Data to examine
┌────────

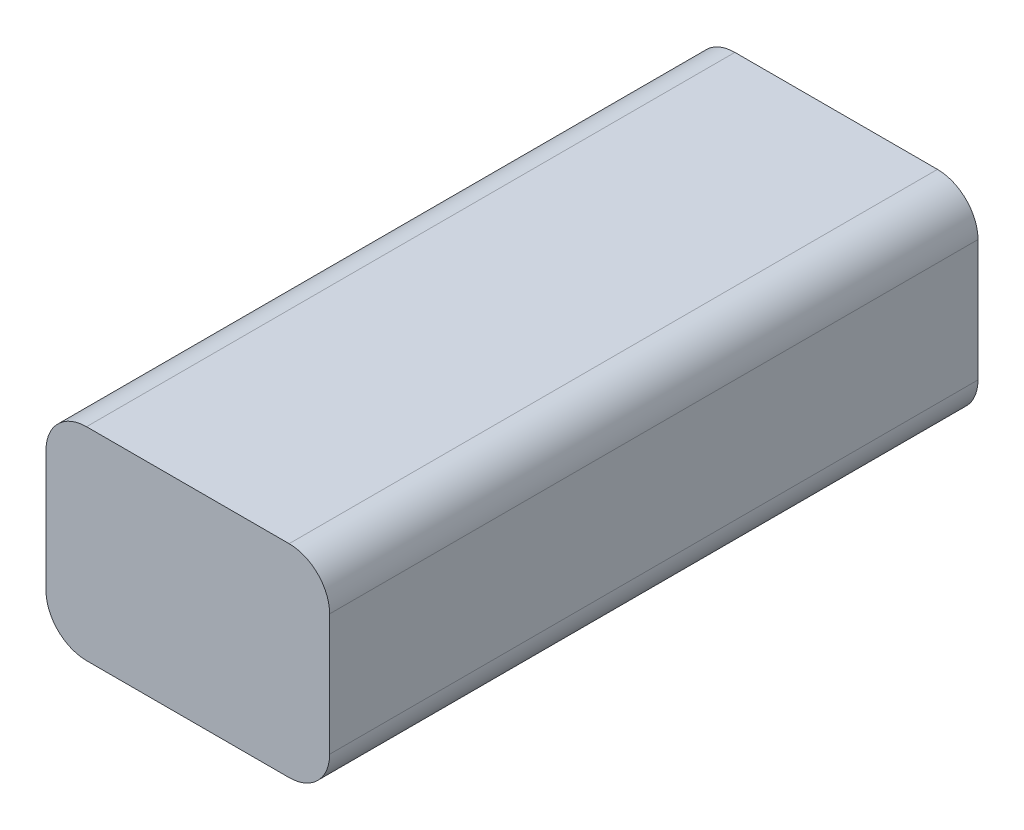
ISO-10303-21;
HEADER;
FILE_DESCRIPTION(('STEP AP214'),'2;1');
FILE_NAME('part.step','',(''),(''),'','','');
FILE_SCHEMA(('AUTOMOTIVE_DESIGN { 1 0 10303 214 1 1 1 1 }'));
ENDSEC;
DATA;
#1=APPLICATION_CONTEXT('core data for automotive mechanical design processes');
#2=APPLICATION_PROTOCOL_DEFINITION('international standard','automotive_design',2000,#1);
#3=PRODUCT_CONTEXT('',#1,'mechanical');
#4=PRODUCT('Part','Part','',(#3));
#5=PRODUCT_RELATED_PRODUCT_CATEGORY('part','',(#4));
#6=PRODUCT_DEFINITION_FORMATION('','',#4);
#7=PRODUCT_DEFINITION_CONTEXT('part definition',#1,'design');
#8=PRODUCT_DEFINITION('design','',#6,#7);
#9=PRODUCT_DEFINITION_SHAPE('','',#8);
#10=(LENGTH_UNIT() NAMED_UNIT(*) SI_UNIT(.MILLI.,.METRE.));
#11=(NAMED_UNIT(*) PLANE_ANGLE_UNIT() SI_UNIT($,.RADIAN.));
#12=(NAMED_UNIT(*) SI_UNIT($,.STERADIAN.) SOLID_ANGLE_UNIT());
#13=UNCERTAINTY_MEASURE_WITH_UNIT(LENGTH_MEASURE(1.E-05),#10,'distance_accuracy_value','');
#14=(GEOMETRIC_REPRESENTATION_CONTEXT(3) GLOBAL_UNCERTAINTY_ASSIGNED_CONTEXT((#13)) GLOBAL_UNIT_ASSIGNED_CONTEXT((#10,
#11,#12)) REPRESENTATION_CONTEXT('',''));
#15=CARTESIAN_POINT('',(0.,0.,0.));
#16=DIRECTION('',(0.,0.,1.));
#17=DIRECTION('',(1.,0.,0.));
#18=AXIS2_PLACEMENT_3D('',#15,#16,#17);
#19=CARTESIAN_POINT('',(-25.,-15.,160.));
#20=DIRECTION('',(0.,0.,-1.));
#21=DIRECTION('',(-1.,0.,0.));
#22=AXIS2_PLACEMENT_3D('',#19,#20,#21);
#23=CYLINDRICAL_SURFACE('',#22,10.);
#24=CARTESIAN_POINT('',(-25.,-15.,0.));
#25=DIRECTION('',(0.,0.,1.));
#26=DIRECTION('',(1.,0.,0.));
#27=AXIS2_PLACEMENT_3D('',#24,#25,#26);
#28=CIRCLE('',#27,10.);
#29=CARTESIAN_POINT('',(-35.,-14.9999999999999,0.));
#30=VERTEX_POINT('',#29);
#31=CARTESIAN_POINT('',(-24.9999999999999,-25.,0.));
#32=VERTEX_POINT('',#31);
#33=EDGE_CURVE('E147',#30,#32,#28,.T.);
#34=ORIENTED_EDGE('',*,*,#33,.T.);
#35=DIRECTION('',(0.,0.,-1.));
#36=VECTOR('',#35,1.);
#37=CARTESIAN_POINT('',(-24.9999999999999,-25.,160.));
#38=LINE('',#37,#36);
#39=CARTESIAN_POINT('',(-24.9999999999999,-25.,160.));
#40=VERTEX_POINT('',#39);
#41=EDGE_CURVE('E11',#40,#32,#38,.T.);
#42=ORIENTED_EDGE('',*,*,#41,.F.);
#43=CARTESIAN_POINT('',(-25.,-15.,160.));
#44=DIRECTION('',(0.,0.,1.));
#45=DIRECTION('',(1.,0.,0.));
#46=AXIS2_PLACEMENT_3D('',#43,#44,#45);
#47=CIRCLE('',#46,10.);
#48=CARTESIAN_POINT('',(-35.,-14.9999999999999,160.));
#49=VERTEX_POINT('',#48);
#50=EDGE_CURVE('E166',#49,#40,#47,.T.);
#51=ORIENTED_EDGE('',*,*,#50,.F.);
#52=DIRECTION('',(0.,0.,-1.));
#53=VECTOR('',#52,1.);
#54=CARTESIAN_POINT('',(-35.,-14.9999999999999,160.));
#55=LINE('',#54,#53);
#56=EDGE_CURVE('E145',#49,#30,#55,.T.);
#57=ORIENTED_EDGE('',*,*,#56,.T.);
#58=EDGE_LOOP('',(#34,#42,#51,#57));
#59=FACE_BOUND('',#58,.T.);
#60=ADVANCED_FACE('F44',(#59),#23,.T.);
#61=CARTESIAN_POINT('',(-24.9999999999999,-25.,160.));
#62=DIRECTION('',(0.,1.,0.));
#63=DIRECTION('',(-1.,0.,0.));
#64=AXIS2_PLACEMENT_3D('',#61,#62,#63);
#65=PLANE('',#64);
#66=DIRECTION('',(1.,0.,0.));
#67=VECTOR('',#66,1.);
#68=CARTESIAN_POINT('',(-24.9999999999999,-25.,0.));
#69=LINE('',#68,#67);
#70=CARTESIAN_POINT('',(24.9999999999999,-25.,0.));
#71=VERTEX_POINT('',#70);
#72=EDGE_CURVE('E148',#32,#71,#69,.T.);
#73=ORIENTED_EDGE('',*,*,#72,.T.);
#74=DIRECTION('',(0.,0.,-1.));
#75=VECTOR('',#74,1.);
#76=CARTESIAN_POINT('',(24.9999999999999,-25.,160.));
#77=LINE('',#76,#75);
#78=CARTESIAN_POINT('',(24.9999999999999,-25.,160.));
#79=VERTEX_POINT('',#78);
#80=EDGE_CURVE('E53',#79,#71,#77,.T.);
#81=ORIENTED_EDGE('',*,*,#80,.F.);
#82=DIRECTION('',(1.,0.,0.));
#83=VECTOR('',#82,1.);
#84=CARTESIAN_POINT('',(-24.9999999999999,-25.,160.));
#85=LINE('',#84,#83);
#86=EDGE_CURVE('E103',#40,#79,#85,.T.);
#87=ORIENTED_EDGE('',*,*,#86,.F.);
#88=ORIENTED_EDGE('',*,*,#41,.T.);
#89=EDGE_LOOP('',(#73,#81,#87,#88));
#90=FACE_BOUND('',#89,.T.);
#91=ADVANCED_FACE('F215',(#90),#65,.F.);
#92=CARTESIAN_POINT('',(25.,-15.,160.));
#93=DIRECTION('',(0.,0.,-1.));
#94=DIRECTION('',(-1.,0.,0.));
#95=AXIS2_PLACEMENT_3D('',#92,#93,#94);
#96=CYLINDRICAL_SURFACE('',#95,10.);
#97=CARTESIAN_POINT('',(25.,-15.,0.));
#98=DIRECTION('',(0.,0.,1.));
#99=DIRECTION('',(1.,0.,0.));
#100=AXIS2_PLACEMENT_3D('',#97,#98,#99);
#101=CIRCLE('',#100,10.);
#102=CARTESIAN_POINT('',(35.,-14.9999999999999,0.));
#103=VERTEX_POINT('',#102);
#104=EDGE_CURVE('E155',#71,#103,#101,.T.);
#105=ORIENTED_EDGE('',*,*,#104,.T.);
#106=DIRECTION('',(0.,0.,-1.));
#107=VECTOR('',#106,1.);
#108=CARTESIAN_POINT('',(35.,-14.9999999999999,160.));
#109=LINE('',#108,#107);
#110=CARTESIAN_POINT('',(35.,-14.9999999999999,160.));
#111=VERTEX_POINT('',#110);
#112=EDGE_CURVE('E177',#111,#103,#109,.T.);
#113=ORIENTED_EDGE('',*,*,#112,.F.);
#114=CARTESIAN_POINT('',(25.,-15.,160.));
#115=DIRECTION('',(0.,0.,1.));
#116=DIRECTION('',(1.,0.,0.));
#117=AXIS2_PLACEMENT_3D('',#114,#115,#116);
#118=CIRCLE('',#117,10.);
#119=EDGE_CURVE('E188',#79,#111,#118,.T.);
#120=ORIENTED_EDGE('',*,*,#119,.F.);
#121=ORIENTED_EDGE('',*,*,#80,.T.);
#122=EDGE_LOOP('',(#105,#113,#120,#121));
#123=FACE_BOUND('',#122,.T.);
#124=ADVANCED_FACE('F190',(#123),#96,.T.);
#125=CARTESIAN_POINT('',(35.,14.9999999999999,160.));
#126=DIRECTION('',(-1.,0.,0.));
#127=DIRECTION('',(0.,0.,1.));
#128=AXIS2_PLACEMENT_3D('',#125,#126,#127);
#129=PLANE('',#128);
#130=DIRECTION('',(0.,1.,0.));
#131=VECTOR('',#130,1.);
#132=CARTESIAN_POINT('',(35.,14.9999999999999,0.));
#133=LINE('',#132,#131);
#134=CARTESIAN_POINT('',(35.,14.9999999999999,0.));
#135=VERTEX_POINT('',#134);
#136=EDGE_CURVE('E157',#103,#135,#133,.T.);
#137=ORIENTED_EDGE('',*,*,#136,.T.);
#138=DIRECTION('',(0.,0.,-1.));
#139=VECTOR('',#138,1.);
#140=CARTESIAN_POINT('',(35.,14.9999999999999,160.));
#141=LINE('',#140,#139);
#142=CARTESIAN_POINT('',(35.,14.9999999999999,160.));
#143=VERTEX_POINT('',#142);
#144=EDGE_CURVE('E172',#143,#135,#141,.T.);
#145=ORIENTED_EDGE('',*,*,#144,.F.);
#146=DIRECTION('',(0.,1.,0.));
#147=VECTOR('',#146,1.);
#148=CARTESIAN_POINT('',(35.,14.9999999999999,160.));
#149=LINE('',#148,#147);
#150=EDGE_CURVE('E205',#111,#143,#149,.T.);
#151=ORIENTED_EDGE('',*,*,#150,.F.);
#152=ORIENTED_EDGE('',*,*,#112,.T.);
#153=EDGE_LOOP('',(#137,#145,#151,#152));
#154=FACE_BOUND('',#153,.T.);
#155=ADVANCED_FACE('F199',(#154),#129,.F.);
#156=CARTESIAN_POINT('',(25.,15.,160.));
#157=DIRECTION('',(0.,0.,-1.));
#158=DIRECTION('',(-1.,0.,0.));
#159=AXIS2_PLACEMENT_3D('',#156,#157,#158);
#160=CYLINDRICAL_SURFACE('',#159,10.);
#161=CARTESIAN_POINT('',(25.,15.,0.));
#162=DIRECTION('',(0.,0.,1.));
#163=DIRECTION('',(-1.,0.,0.));
#164=AXIS2_PLACEMENT_3D('',#161,#162,#163);
#165=CIRCLE('',#164,10.);
#166=CARTESIAN_POINT('',(24.9999999999999,25.,0.));
#167=VERTEX_POINT('',#166);
#168=EDGE_CURVE('E159',#135,#167,#165,.T.);
#169=ORIENTED_EDGE('',*,*,#168,.T.);
#170=DIRECTION('',(0.,0.,-1.));
#171=VECTOR('',#170,1.);
#172=CARTESIAN_POINT('',(24.9999999999999,25.,160.));
#173=LINE('',#172,#171);
#174=CARTESIAN_POINT('',(24.9999999999999,25.,160.));
#175=VERTEX_POINT('',#174);
#176=EDGE_CURVE('E134',#175,#167,#173,.T.);
#177=ORIENTED_EDGE('',*,*,#176,.F.);
#178=CARTESIAN_POINT('',(25.,15.,160.));
#179=DIRECTION('',(0.,0.,1.));
#180=DIRECTION('',(-1.,0.,0.));
#181=AXIS2_PLACEMENT_3D('',#178,#179,#180);
#182=CIRCLE('',#181,10.);
#183=EDGE_CURVE('E125',#143,#175,#182,.T.);
#184=ORIENTED_EDGE('',*,*,#183,.F.);
#185=ORIENTED_EDGE('',*,*,#144,.T.);
#186=EDGE_LOOP('',(#169,#177,#184,#185));
#187=FACE_BOUND('',#186,.T.);
#188=ADVANCED_FACE('F198',(#187),#160,.T.);
#189=CARTESIAN_POINT('',(-24.9999999999999,25.,160.));
#190=DIRECTION('',(0.,-1.,0.));
#191=DIRECTION('',(0.,0.,-1.));
#192=AXIS2_PLACEMENT_3D('',#189,#190,#191);
#193=PLANE('',#192);
#194=DIRECTION('',(-1.,0.,0.));
#195=VECTOR('',#194,1.);
#196=CARTESIAN_POINT('',(-24.9999999999999,25.,0.));
#197=LINE('',#196,#195);
#198=CARTESIAN_POINT('',(-24.9999999999999,25.,0.));
#199=VERTEX_POINT('',#198);
#200=EDGE_CURVE('E133',#167,#199,#197,.T.);
#201=ORIENTED_EDGE('',*,*,#200,.T.);
#202=DIRECTION('',(0.,0.,-1.));
#203=VECTOR('',#202,1.);
#204=CARTESIAN_POINT('',(-24.9999999999999,25.,160.));
#205=LINE('',#204,#203);
#206=CARTESIAN_POINT('',(-24.9999999999999,25.,160.));
#207=VERTEX_POINT('',#206);
#208=EDGE_CURVE('E127',#207,#199,#205,.T.);
#209=ORIENTED_EDGE('',*,*,#208,.F.);
#210=DIRECTION('',(-1.,0.,0.));
#211=VECTOR('',#210,1.);
#212=CARTESIAN_POINT('',(-24.9999999999999,25.,160.));
#213=LINE('',#212,#211);
#214=EDGE_CURVE('E120',#175,#207,#213,.T.);
#215=ORIENTED_EDGE('',*,*,#214,.F.);
#216=ORIENTED_EDGE('',*,*,#176,.T.);
#217=EDGE_LOOP('',(#201,#209,#215,#216));
#218=FACE_BOUND('',#217,.T.);
#219=ADVANCED_FACE('F131',(#218),#193,.F.);
#220=CARTESIAN_POINT('',(-25.,15.,160.));
#221=DIRECTION('',(0.,0.,-1.));
#222=DIRECTION('',(-1.,0.,0.));
#223=AXIS2_PLACEMENT_3D('',#220,#221,#222);
#224=CYLINDRICAL_SURFACE('',#223,10.);
#225=CARTESIAN_POINT('',(-25.,15.,0.));
#226=DIRECTION('',(0.,0.,1.));
#227=DIRECTION('',(1.,0.,0.));
#228=AXIS2_PLACEMENT_3D('',#225,#226,#227);
#229=CIRCLE('',#228,10.);
#230=CARTESIAN_POINT('',(-35.,14.9999999999999,0.));
#231=VERTEX_POINT('',#230);
#232=EDGE_CURVE('E91',#199,#231,#229,.T.);
#233=ORIENTED_EDGE('',*,*,#232,.T.);
#234=DIRECTION('',(0.,0.,-1.));
#235=VECTOR('',#234,1.);
#236=CARTESIAN_POINT('',(-35.,14.9999999999999,160.));
#237=LINE('',#236,#235);
#238=CARTESIAN_POINT('',(-35.,14.9999999999999,160.));
#239=VERTEX_POINT('',#238);
#240=EDGE_CURVE('E136',#239,#231,#237,.T.);
#241=ORIENTED_EDGE('',*,*,#240,.F.);
#242=CARTESIAN_POINT('',(-25.,15.,160.));
#243=DIRECTION('',(0.,0.,1.));
#244=DIRECTION('',(1.,0.,0.));
#245=AXIS2_PLACEMENT_3D('',#242,#243,#244);
#246=CIRCLE('',#245,10.);
#247=EDGE_CURVE('E122',#207,#239,#246,.T.);
#248=ORIENTED_EDGE('',*,*,#247,.F.);
#249=ORIENTED_EDGE('',*,*,#208,.T.);
#250=EDGE_LOOP('',(#233,#241,#248,#249));
#251=FACE_BOUND('',#250,.T.);
#252=ADVANCED_FACE('F138',(#251),#224,.T.);
#253=CARTESIAN_POINT('',(-35.,14.9999999999999,160.));
#254=DIRECTION('',(1.,0.,0.));
#255=DIRECTION('',(0.,0.,-1.));
#256=AXIS2_PLACEMENT_3D('',#253,#254,#255);
#257=PLANE('',#256);
#258=DIRECTION('',(0.,-1.,0.));
#259=VECTOR('',#258,1.);
#260=CARTESIAN_POINT('',(-35.,14.9999999999999,0.));
#261=LINE('',#260,#259);
#262=EDGE_CURVE('E100',#231,#30,#261,.T.);
#263=ORIENTED_EDGE('',*,*,#262,.T.);
#264=ORIENTED_EDGE('',*,*,#56,.F.);
#265=DIRECTION('',(0.,-1.,0.));
#266=VECTOR('',#265,1.);
#267=CARTESIAN_POINT('',(-35.,14.9999999999999,160.));
#268=LINE('',#267,#266);
#269=EDGE_CURVE('E64',#239,#49,#268,.T.);
#270=ORIENTED_EDGE('',*,*,#269,.F.);
#271=ORIENTED_EDGE('',*,*,#240,.T.);
#272=EDGE_LOOP('',(#263,#264,#270,#271));
#273=FACE_BOUND('',#272,.T.);
#274=ADVANCED_FACE('F229',(#273),#257,.F.);
#275=CARTESIAN_POINT('',(-25.,-15.,160.));
#276=DIRECTION('',(0.,0.,1.));
#277=DIRECTION('',(1.,0.,0.));
#278=AXIS2_PLACEMENT_3D('',#275,#276,#277);
#279=PLANE('',#278);
#280=ORIENTED_EDGE('',*,*,#50,.T.);
#281=ORIENTED_EDGE('',*,*,#86,.T.);
#282=ORIENTED_EDGE('',*,*,#119,.T.);
#283=ORIENTED_EDGE('',*,*,#150,.T.);
#284=ORIENTED_EDGE('',*,*,#183,.T.);
#285=ORIENTED_EDGE('',*,*,#214,.T.);
#286=ORIENTED_EDGE('',*,*,#247,.T.);
#287=ORIENTED_EDGE('',*,*,#269,.T.);
#288=EDGE_LOOP('',(#280,#281,#282,#283,#284,#285,#286,#287));
#289=FACE_BOUND('',#288,.T.);
#290=ADVANCED_FACE('F118',(#289),#279,.T.);
#291=CARTESIAN_POINT('',(-25.,-15.,0.));
#292=DIRECTION('',(0.,0.,1.));
#293=DIRECTION('',(1.,0.,0.));
#294=AXIS2_PLACEMENT_3D('',#291,#292,#293);
#295=PLANE('',#294);
#296=ORIENTED_EDGE('',*,*,#33,.F.);
#297=ORIENTED_EDGE('',*,*,#262,.F.);
#298=ORIENTED_EDGE('',*,*,#232,.F.);
#299=ORIENTED_EDGE('',*,*,#200,.F.);
#300=ORIENTED_EDGE('',*,*,#168,.F.);
#301=ORIENTED_EDGE('',*,*,#136,.F.);
#302=ORIENTED_EDGE('',*,*,#104,.F.);
#303=ORIENTED_EDGE('',*,*,#72,.F.);
#304=EDGE_LOOP('',(#296,#297,#298,#299,#300,#301,#302,#303));
#305=FACE_BOUND('',#304,.T.);
#306=ADVANCED_FACE('F194',(#305),#295,.F.);
#307=CLOSED_SHELL('',(#60,#91,#124,#155,#188,#219,#252,#274,#290,#306));
#308=MANIFOLD_SOLID_BREP('B2',#307);
#309=ADVANCED_BREP_SHAPE_REPRESENTATION('',(#18,#308),#14);
#310=SHAPE_DEFINITION_REPRESENTATION(#9,#309);
ENDSEC;
END-ISO-10303-21;

└────────

Action item
Please reproduce exactly the lines in the listing above from the one containing "#73=ORIENTED_EDGE('',*,*,#72,.T.);" through the one containing "#97=CARTESIAN_POINT('',(25.,-15.,0.));", both included, and nothing more.

The completed task
#73=ORIENTED_EDGE('',*,*,#72,.T.);
#74=DIRECTION('',(0.,0.,-1.));
#75=VECTOR('',#74,1.);
#76=CARTESIAN_POINT('',(24.9999999999999,-25.,160.));
#77=LINE('',#76,#75);
#78=CARTESIAN_POINT('',(24.9999999999999,-25.,160.));
#79=VERTEX_POINT('',#78);
#80=EDGE_CURVE('E53',#79,#71,#77,.T.);
#81=ORIENTED_EDGE('',*,*,#80,.F.);
#82=DIRECTION('',(1.,0.,0.));
#83=VECTOR('',#82,1.);
#84=CARTESIAN_POINT('',(-24.9999999999999,-25.,160.));
#85=LINE('',#84,#83);
#86=EDGE_CURVE('E103',#40,#79,#85,.T.);
#87=ORIENTED_EDGE('',*,*,#86,.F.);
#88=ORIENTED_EDGE('',*,*,#41,.T.);
#89=EDGE_LOOP('',(#73,#81,#87,#88));
#90=FACE_BOUND('',#89,.T.);
#91=ADVANCED_FACE('F215',(#90),#65,.F.);
#92=CARTESIAN_POINT('',(25.,-15.,160.));
#93=DIRECTION('',(0.,0.,-1.));
#94=DIRECTION('',(-1.,0.,0.));
#95=AXIS2_PLACEMENT_3D('',#92,#93,#94);
#96=CYLINDRICAL_SURFACE('',#95,10.);
#97=CARTESIAN_POINT('',(25.,-15.,0.));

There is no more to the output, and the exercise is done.